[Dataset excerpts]
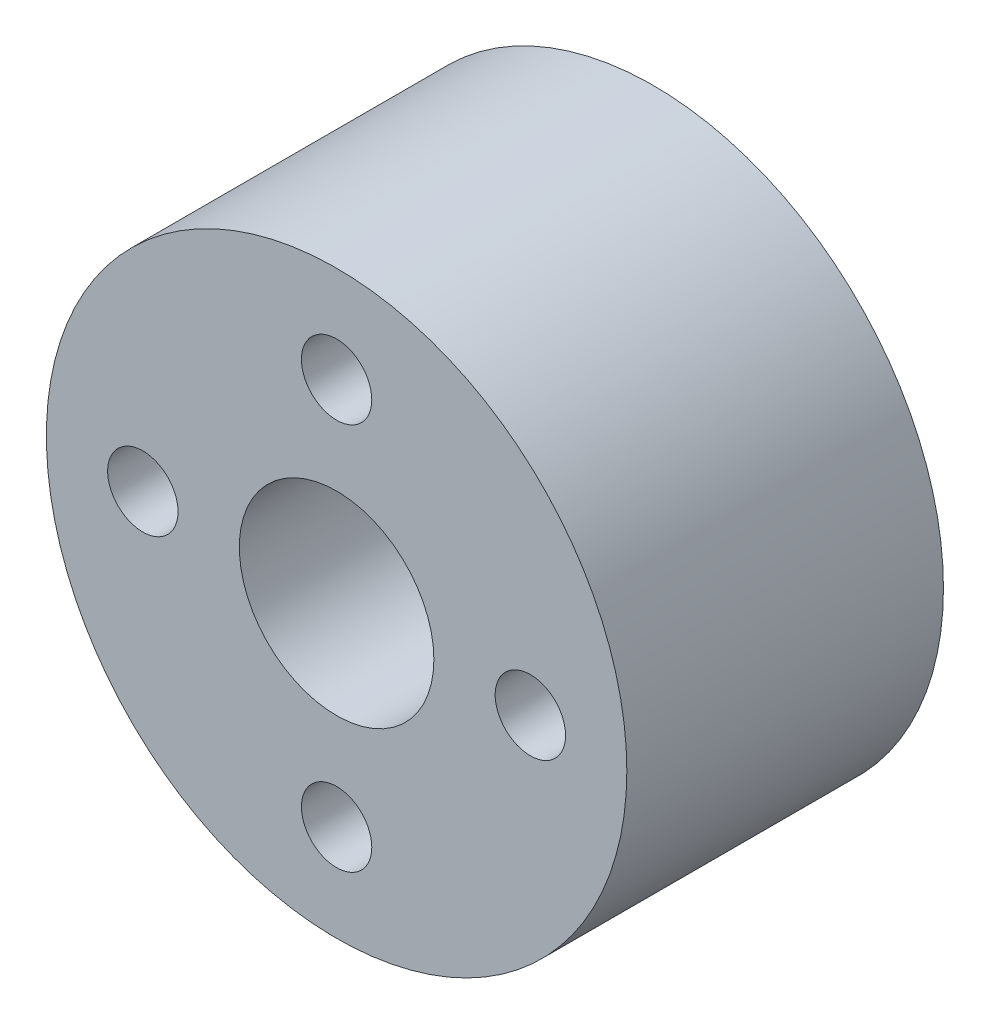
from build123d import *

# Parameters (mm, degrees)
BOSS_EXTRUDE1_DEPTH      = 38.1
BOSS_EXTRUDE1_DEPTH_BACK = 38.1
SKETCH1_R                = 69.85
SKETCH1_R_2              = 23.412602146
SKETCH1_R_3              = 8.466666667


with BuildPart() as part:
    # Sketch1 → Boss-Extrude1 (new, two sides: drawn at the far end of the back side and taken through both)
    with BuildSketch(Plane.XY.offset(-BOSS_EXTRUDE1_DEPTH_BACK)):
        Circle(SKETCH1_R)
        Circle(SKETCH1_R_2, mode=Mode.SUBTRACT)
        with Locations((-46.631301073, 0)):
            Circle(SKETCH1_R_3, mode=Mode.SUBTRACT)
        with Locations((0, 46.631301073)):
            Circle(SKETCH1_R_3, mode=Mode.SUBTRACT)
        with Locations((46.631301073, 0)):
            Circle(SKETCH1_R_3, mode=Mode.SUBTRACT)
        with Locations((0, -46.631301073)):
            Circle(SKETCH1_R_3, mode=Mode.SUBTRACT)
    extrude(amount=BOSS_EXTRUDE1_DEPTH + BOSS_EXTRUDE1_DEPTH_BACK)


solid = part.part

* _Exercise aim_: Return exactly the lines from the one containing "# Parameters (mm, degrees)" through the last line of the records above, both included, and nothing else.

* _Result_:
# Parameters (mm, degrees)
BOSS_EXTRUDE1_DEPTH      = 38.1
BOSS_EXTRUDE1_DEPTH_BACK = 38.1
SKETCH1_R                = 69.85
SKETCH1_R_2              = 23.412602146
SKETCH1_R_3              = 8.466666667


with BuildPart() as part:
    # Sketch1 → Boss-Extrude1 (new, two sides: drawn at the far end of the back side and taken through both)
    with BuildSketch(Plane.XY.offset(-BOSS_EXTRUDE1_DEPTH_BACK)):
        Circle(SKETCH1_R)
        Circle(SKETCH1_R_2, mode=Mode.SUBTRACT)
        with Locations((-46.631301073, 0)):
            Circle(SKETCH1_R_3, mode=Mode.SUBTRACT)
        with Locations((0, 46.631301073)):
            Circle(SKETCH1_R_3, mode=Mode.SUBTRACT)
        with Locations((46.631301073, 0)):
            Circle(SKETCH1_R_3, mode=Mode.SUBTRACT)
        with Locations((0, -46.631301073)):
            Circle(SKETCH1_R_3, mode=Mode.SUBTRACT)
    extrude(amount=BOSS_EXTRUDE1_DEPTH + BOSS_EXTRUDE1_DEPTH_BACK)


solid = part.part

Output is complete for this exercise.